_Task_.
The required answer is each line in the entries below where "ezdxf" occurs.

(Stored data)
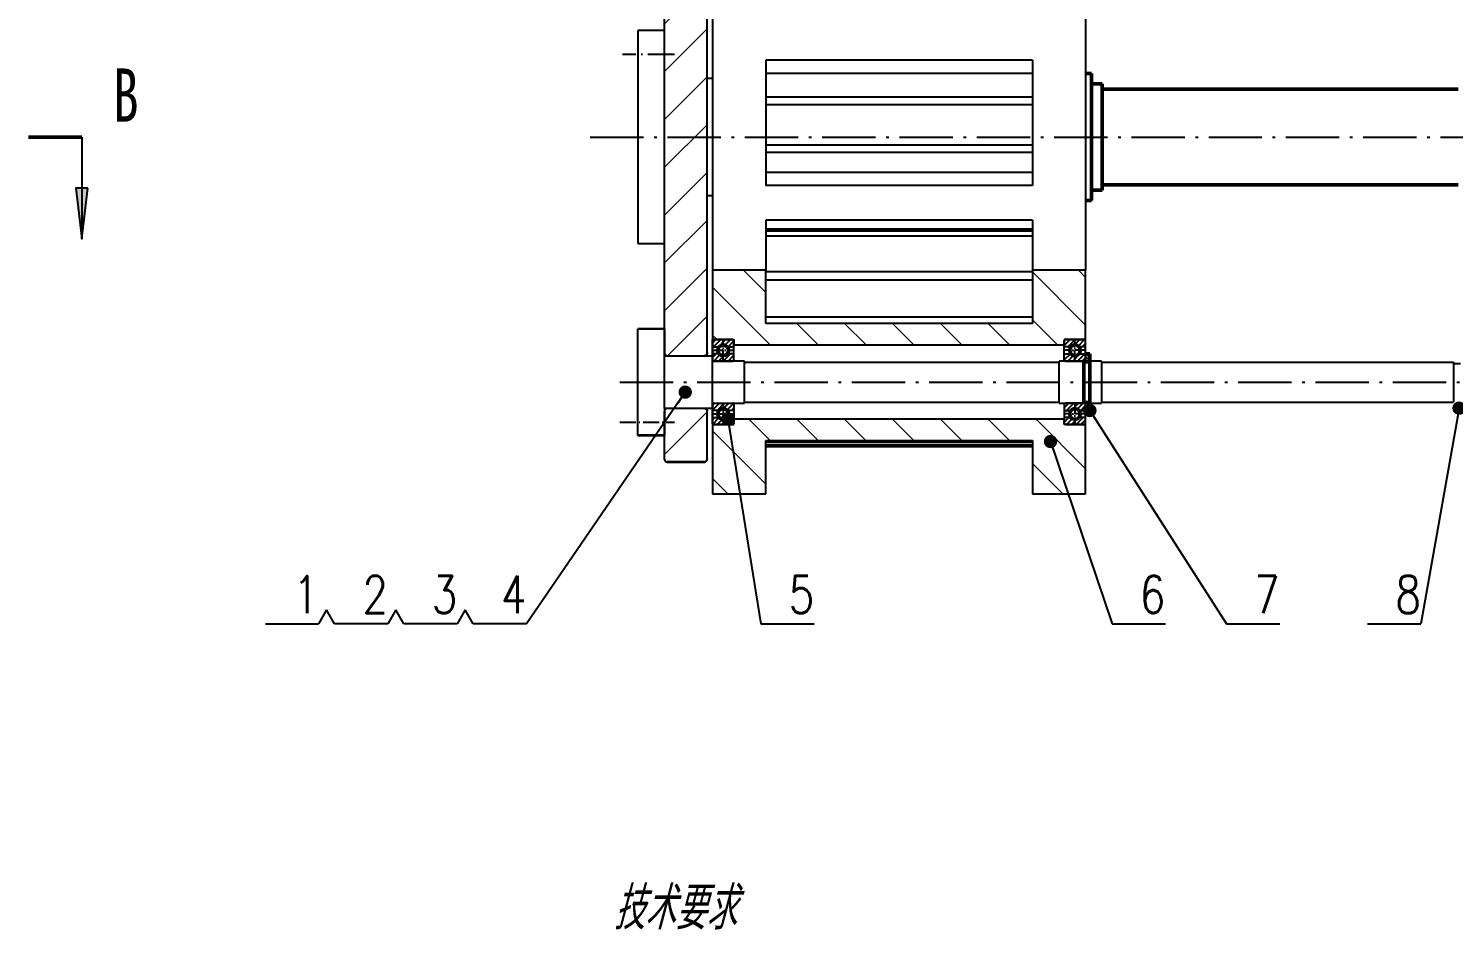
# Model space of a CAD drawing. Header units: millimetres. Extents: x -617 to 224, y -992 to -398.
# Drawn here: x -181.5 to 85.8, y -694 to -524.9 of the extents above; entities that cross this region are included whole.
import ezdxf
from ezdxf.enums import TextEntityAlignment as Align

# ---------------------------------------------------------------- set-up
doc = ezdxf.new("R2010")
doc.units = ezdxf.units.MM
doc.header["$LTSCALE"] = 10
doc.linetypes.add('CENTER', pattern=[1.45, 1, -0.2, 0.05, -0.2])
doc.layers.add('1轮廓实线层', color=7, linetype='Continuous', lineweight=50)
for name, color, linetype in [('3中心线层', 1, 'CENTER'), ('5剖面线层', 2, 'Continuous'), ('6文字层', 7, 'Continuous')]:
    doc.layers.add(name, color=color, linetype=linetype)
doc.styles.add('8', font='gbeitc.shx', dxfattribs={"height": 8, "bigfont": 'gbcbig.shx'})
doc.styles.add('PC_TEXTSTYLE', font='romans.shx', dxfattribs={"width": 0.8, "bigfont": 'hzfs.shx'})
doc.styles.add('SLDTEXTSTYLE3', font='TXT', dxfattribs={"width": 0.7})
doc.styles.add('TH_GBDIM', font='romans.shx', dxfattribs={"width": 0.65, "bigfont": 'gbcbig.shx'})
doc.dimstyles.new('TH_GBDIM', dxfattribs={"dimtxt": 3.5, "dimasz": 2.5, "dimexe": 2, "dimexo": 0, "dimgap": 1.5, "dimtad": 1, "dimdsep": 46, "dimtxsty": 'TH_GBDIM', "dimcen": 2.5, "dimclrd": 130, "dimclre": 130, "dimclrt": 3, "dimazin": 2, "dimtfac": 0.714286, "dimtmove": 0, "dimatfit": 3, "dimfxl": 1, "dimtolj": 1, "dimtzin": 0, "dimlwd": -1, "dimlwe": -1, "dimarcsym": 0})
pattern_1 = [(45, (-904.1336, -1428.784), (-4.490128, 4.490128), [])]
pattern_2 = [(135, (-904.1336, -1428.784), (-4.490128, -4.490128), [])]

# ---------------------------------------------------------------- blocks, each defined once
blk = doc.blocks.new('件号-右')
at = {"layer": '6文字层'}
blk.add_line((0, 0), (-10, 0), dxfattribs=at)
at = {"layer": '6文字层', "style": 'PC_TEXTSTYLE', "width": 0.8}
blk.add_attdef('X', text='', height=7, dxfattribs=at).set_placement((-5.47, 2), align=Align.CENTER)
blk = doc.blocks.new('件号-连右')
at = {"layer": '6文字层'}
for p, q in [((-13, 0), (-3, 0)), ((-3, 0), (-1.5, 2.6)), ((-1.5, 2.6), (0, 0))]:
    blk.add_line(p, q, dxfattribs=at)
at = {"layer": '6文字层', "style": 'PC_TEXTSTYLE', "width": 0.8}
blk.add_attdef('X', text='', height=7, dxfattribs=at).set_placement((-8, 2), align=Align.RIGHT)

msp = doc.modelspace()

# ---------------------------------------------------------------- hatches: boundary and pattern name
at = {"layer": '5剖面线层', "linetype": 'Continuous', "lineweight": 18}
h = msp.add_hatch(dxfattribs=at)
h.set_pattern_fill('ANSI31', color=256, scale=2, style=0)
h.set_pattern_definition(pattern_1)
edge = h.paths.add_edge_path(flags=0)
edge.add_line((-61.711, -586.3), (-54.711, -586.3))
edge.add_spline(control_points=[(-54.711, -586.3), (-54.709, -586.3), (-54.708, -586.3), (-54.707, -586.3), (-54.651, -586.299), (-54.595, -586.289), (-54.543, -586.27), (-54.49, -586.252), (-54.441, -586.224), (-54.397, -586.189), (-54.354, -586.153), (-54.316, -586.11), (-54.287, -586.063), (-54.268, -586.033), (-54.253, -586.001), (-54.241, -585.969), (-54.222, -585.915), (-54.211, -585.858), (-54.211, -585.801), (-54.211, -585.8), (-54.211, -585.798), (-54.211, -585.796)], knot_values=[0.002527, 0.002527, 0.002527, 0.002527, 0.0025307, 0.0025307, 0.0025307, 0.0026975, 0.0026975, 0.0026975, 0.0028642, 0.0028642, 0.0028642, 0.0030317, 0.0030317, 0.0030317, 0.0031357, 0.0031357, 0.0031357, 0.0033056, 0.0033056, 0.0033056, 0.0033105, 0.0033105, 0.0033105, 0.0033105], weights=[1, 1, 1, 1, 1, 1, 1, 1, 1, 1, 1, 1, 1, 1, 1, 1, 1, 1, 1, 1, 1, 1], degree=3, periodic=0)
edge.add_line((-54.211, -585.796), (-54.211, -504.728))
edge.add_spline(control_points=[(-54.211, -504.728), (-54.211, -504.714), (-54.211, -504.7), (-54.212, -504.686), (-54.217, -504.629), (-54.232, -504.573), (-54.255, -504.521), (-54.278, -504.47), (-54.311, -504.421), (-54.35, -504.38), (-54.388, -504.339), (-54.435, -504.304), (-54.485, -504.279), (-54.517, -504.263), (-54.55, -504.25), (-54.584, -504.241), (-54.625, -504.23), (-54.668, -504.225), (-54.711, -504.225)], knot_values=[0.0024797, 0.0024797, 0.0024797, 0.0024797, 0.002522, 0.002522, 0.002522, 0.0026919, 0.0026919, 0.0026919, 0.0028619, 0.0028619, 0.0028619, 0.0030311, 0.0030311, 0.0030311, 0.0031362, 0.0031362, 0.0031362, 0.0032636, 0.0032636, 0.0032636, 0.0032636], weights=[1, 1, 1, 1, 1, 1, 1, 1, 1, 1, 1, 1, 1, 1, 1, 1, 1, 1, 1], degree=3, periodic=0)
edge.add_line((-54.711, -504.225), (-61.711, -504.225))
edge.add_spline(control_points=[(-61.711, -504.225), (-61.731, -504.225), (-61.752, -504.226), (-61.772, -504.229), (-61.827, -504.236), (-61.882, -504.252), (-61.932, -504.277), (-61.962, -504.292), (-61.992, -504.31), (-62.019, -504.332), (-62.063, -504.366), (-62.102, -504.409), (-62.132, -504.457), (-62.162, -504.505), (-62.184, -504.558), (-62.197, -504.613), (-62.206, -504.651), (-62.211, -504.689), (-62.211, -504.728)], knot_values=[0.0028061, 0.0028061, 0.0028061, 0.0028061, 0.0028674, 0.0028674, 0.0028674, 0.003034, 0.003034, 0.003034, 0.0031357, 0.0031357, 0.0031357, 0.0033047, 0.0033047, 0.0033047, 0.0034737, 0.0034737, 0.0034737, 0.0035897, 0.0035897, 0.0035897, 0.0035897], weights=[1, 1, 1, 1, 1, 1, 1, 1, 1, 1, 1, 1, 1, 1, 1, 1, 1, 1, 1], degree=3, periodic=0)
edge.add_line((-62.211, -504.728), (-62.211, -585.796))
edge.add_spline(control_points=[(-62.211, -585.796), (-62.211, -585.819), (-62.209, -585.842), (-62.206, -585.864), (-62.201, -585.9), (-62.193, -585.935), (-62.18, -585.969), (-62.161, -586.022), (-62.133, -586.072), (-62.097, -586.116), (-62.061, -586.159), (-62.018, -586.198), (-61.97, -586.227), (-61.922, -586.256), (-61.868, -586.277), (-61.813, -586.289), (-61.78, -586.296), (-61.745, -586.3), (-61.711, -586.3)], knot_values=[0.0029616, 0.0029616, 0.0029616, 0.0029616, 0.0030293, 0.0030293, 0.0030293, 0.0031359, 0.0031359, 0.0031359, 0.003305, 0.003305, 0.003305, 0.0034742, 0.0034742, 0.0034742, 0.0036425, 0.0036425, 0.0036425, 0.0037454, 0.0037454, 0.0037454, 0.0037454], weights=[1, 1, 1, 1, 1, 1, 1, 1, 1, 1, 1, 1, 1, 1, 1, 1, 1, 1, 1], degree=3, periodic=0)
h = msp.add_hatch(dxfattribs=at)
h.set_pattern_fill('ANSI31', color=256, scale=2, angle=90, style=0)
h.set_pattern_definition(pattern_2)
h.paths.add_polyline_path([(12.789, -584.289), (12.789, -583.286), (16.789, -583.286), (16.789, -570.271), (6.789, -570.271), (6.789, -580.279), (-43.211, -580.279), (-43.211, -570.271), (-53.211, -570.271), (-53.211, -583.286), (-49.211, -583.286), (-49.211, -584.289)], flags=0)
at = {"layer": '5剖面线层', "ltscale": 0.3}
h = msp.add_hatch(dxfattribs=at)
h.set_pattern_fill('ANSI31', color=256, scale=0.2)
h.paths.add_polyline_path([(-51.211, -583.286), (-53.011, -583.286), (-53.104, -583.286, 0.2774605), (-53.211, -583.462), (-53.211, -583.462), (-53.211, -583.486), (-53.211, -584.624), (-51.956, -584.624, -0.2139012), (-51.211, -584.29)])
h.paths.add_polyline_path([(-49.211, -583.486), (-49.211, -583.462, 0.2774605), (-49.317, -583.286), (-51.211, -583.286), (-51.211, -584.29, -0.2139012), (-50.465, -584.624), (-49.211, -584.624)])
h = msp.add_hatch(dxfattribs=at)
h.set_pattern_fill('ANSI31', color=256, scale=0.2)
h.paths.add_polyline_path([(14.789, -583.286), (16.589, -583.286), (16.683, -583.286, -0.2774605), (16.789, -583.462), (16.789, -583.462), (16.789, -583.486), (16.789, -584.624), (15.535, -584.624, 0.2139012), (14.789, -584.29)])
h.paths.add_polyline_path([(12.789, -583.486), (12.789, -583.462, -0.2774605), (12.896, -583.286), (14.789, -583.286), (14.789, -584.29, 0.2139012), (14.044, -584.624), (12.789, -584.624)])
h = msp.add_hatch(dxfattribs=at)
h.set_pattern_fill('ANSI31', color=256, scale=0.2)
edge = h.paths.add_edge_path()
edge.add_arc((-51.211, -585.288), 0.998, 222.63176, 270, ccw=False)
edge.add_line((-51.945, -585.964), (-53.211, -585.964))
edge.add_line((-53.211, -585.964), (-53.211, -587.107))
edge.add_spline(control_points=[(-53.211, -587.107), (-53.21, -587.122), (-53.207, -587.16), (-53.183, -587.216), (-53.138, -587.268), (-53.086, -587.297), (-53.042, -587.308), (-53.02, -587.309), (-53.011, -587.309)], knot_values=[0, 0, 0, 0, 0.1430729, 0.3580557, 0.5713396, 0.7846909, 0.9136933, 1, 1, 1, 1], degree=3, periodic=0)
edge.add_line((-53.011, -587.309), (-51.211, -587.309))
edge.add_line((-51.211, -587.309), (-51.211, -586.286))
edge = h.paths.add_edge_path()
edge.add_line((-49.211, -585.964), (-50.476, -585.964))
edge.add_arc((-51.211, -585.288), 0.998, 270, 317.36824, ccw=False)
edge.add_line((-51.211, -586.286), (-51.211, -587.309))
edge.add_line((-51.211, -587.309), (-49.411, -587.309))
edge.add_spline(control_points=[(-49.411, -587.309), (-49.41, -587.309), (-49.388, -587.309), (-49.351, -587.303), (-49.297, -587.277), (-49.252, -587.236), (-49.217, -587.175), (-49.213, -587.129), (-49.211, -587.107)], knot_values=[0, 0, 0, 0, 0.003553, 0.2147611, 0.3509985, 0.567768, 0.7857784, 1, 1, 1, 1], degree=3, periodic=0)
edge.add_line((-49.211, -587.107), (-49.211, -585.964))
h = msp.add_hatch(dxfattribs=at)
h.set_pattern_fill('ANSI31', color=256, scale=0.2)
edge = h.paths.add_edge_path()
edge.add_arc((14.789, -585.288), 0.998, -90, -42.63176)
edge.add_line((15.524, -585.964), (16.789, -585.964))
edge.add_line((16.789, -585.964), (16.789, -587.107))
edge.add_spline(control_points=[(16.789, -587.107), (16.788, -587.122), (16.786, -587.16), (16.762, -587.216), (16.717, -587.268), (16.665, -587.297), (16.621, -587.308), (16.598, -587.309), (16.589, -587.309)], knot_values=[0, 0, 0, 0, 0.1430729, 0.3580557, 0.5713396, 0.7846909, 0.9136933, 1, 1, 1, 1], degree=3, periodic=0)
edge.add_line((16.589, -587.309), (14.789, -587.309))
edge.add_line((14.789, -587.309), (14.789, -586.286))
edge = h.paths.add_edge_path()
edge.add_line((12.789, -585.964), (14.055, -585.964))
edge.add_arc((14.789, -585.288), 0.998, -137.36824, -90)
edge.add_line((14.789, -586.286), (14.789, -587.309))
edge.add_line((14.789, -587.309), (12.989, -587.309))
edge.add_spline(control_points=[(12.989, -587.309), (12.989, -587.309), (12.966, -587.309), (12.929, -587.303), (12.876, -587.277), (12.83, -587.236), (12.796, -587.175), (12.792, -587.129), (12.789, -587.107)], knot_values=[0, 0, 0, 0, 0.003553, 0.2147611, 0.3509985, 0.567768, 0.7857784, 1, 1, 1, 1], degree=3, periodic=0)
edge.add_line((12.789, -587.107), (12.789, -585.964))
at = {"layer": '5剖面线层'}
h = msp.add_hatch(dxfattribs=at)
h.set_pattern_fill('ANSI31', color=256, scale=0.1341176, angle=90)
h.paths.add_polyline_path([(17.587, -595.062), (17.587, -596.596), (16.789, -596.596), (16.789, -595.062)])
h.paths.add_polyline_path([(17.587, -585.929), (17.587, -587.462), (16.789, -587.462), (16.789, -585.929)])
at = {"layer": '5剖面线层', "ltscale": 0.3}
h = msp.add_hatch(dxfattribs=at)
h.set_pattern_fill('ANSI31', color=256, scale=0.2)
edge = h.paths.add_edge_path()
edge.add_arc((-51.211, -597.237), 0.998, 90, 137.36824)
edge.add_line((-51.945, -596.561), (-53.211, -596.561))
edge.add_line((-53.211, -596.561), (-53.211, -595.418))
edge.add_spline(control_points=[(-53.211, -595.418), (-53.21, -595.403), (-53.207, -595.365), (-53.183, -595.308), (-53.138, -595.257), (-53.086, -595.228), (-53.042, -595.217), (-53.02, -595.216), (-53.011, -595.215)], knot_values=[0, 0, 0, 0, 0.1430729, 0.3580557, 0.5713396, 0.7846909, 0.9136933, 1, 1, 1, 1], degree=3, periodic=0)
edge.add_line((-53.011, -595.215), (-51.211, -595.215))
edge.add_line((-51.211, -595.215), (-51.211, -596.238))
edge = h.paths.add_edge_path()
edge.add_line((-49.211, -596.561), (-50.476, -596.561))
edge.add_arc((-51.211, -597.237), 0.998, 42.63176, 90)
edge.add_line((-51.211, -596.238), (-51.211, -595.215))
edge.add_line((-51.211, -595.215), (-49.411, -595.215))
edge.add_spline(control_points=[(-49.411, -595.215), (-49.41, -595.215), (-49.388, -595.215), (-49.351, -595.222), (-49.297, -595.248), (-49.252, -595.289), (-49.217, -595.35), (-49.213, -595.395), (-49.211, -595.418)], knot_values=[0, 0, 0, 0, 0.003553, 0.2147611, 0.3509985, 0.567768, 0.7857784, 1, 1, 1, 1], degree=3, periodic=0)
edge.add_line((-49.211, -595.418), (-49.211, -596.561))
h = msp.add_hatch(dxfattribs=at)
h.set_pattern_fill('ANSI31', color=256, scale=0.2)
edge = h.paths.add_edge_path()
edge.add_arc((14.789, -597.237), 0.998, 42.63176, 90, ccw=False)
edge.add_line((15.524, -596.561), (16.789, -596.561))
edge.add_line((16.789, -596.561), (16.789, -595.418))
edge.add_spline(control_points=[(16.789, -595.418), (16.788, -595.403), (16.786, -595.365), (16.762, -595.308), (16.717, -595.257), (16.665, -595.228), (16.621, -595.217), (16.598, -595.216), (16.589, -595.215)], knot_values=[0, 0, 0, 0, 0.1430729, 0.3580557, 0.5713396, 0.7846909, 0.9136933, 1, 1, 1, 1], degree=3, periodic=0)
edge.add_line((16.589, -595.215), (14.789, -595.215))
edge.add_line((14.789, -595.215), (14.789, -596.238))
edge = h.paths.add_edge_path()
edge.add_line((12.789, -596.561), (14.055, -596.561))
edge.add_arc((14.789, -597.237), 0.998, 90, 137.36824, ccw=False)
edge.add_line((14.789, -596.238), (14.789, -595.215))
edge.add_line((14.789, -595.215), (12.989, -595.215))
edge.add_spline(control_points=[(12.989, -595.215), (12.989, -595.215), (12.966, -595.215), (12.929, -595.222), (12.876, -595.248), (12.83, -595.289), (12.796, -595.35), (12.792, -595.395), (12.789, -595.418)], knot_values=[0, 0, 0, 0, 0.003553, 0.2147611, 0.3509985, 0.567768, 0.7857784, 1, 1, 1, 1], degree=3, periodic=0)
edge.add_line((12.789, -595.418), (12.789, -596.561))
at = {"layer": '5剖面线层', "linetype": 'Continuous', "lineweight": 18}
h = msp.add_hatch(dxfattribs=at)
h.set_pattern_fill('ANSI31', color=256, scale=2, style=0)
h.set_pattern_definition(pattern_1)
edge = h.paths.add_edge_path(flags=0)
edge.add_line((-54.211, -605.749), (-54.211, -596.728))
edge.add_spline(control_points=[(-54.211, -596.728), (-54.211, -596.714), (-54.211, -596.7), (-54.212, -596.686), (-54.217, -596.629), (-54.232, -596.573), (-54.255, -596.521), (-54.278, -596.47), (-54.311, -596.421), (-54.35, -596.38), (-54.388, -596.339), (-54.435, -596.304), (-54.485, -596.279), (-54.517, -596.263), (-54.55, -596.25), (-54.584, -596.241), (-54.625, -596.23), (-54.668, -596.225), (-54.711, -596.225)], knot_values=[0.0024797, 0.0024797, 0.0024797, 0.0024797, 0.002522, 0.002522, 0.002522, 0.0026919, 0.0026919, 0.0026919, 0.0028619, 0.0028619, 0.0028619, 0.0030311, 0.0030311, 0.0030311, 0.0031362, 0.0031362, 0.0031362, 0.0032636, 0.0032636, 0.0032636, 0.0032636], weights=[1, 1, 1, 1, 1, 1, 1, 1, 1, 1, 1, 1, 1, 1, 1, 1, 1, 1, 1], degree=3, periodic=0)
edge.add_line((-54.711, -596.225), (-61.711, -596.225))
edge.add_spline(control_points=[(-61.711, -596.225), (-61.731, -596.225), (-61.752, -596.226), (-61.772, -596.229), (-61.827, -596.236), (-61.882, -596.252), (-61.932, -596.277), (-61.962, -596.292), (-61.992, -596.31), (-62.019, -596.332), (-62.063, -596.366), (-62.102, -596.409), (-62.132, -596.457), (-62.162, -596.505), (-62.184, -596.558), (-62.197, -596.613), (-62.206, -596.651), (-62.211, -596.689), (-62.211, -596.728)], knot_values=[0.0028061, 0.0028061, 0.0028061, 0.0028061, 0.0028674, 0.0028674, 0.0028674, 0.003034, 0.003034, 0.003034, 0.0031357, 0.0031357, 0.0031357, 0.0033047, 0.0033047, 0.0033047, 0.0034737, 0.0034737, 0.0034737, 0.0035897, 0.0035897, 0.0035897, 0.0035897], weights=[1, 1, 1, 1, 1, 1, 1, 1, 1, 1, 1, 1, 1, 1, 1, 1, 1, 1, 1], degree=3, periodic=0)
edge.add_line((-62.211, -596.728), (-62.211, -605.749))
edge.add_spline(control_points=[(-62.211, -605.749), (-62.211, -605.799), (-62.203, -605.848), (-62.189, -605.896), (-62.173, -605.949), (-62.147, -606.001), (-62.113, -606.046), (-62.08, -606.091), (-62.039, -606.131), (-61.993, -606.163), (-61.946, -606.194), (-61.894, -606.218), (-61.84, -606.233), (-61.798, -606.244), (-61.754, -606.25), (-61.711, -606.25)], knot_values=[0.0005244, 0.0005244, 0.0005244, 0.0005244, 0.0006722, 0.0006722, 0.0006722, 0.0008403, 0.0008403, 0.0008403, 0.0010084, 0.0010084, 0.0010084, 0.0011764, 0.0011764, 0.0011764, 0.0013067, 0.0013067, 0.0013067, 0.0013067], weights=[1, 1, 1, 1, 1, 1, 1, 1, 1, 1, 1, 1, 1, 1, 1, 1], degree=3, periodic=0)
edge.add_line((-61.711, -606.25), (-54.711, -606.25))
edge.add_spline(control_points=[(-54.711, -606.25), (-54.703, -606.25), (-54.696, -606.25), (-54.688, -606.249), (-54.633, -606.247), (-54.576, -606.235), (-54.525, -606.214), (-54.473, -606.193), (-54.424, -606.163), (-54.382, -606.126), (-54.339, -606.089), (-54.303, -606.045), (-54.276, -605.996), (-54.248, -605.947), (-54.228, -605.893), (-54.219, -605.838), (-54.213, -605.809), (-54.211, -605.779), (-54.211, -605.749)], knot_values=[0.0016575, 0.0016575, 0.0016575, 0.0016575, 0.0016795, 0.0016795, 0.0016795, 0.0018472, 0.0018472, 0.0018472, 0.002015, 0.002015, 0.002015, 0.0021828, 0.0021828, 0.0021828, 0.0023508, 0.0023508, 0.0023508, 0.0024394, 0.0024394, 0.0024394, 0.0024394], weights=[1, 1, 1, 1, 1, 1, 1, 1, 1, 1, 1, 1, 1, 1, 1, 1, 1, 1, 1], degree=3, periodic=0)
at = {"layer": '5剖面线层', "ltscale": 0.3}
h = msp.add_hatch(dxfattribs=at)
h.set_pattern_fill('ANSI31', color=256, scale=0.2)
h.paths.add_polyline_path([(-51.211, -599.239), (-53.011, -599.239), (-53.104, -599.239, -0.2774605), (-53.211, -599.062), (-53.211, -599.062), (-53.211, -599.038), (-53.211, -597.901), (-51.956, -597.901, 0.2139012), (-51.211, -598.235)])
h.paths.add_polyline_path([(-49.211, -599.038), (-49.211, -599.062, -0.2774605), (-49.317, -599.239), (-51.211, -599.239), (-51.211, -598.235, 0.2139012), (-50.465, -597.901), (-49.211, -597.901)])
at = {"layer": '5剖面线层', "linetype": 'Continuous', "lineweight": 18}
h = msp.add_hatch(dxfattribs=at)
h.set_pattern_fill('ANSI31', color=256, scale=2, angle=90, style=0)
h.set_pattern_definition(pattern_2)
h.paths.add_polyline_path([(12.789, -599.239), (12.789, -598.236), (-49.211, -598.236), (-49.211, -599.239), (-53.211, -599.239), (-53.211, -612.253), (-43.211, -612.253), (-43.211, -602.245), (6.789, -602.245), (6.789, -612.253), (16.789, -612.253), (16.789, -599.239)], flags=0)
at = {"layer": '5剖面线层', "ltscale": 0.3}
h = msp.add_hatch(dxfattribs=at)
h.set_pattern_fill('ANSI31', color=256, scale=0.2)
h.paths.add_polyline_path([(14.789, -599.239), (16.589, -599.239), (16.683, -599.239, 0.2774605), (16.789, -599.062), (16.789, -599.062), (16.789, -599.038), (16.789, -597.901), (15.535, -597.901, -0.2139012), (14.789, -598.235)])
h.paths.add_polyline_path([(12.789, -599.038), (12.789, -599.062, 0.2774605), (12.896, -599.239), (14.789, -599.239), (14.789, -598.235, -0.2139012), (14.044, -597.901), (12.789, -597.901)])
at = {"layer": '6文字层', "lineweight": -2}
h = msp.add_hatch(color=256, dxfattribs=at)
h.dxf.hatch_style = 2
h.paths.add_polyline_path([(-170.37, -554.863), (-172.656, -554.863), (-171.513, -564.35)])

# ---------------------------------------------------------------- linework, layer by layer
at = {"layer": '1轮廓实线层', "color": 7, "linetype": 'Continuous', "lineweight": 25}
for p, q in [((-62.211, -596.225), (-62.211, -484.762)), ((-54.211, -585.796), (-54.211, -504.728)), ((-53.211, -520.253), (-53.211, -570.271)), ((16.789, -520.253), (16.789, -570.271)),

_Solution_.
import ezdxf
from ezdxf.enums import TextEntityAlignment as Align
doc = ezdxf.new("R2010")
doc.units = ezdxf.units.MM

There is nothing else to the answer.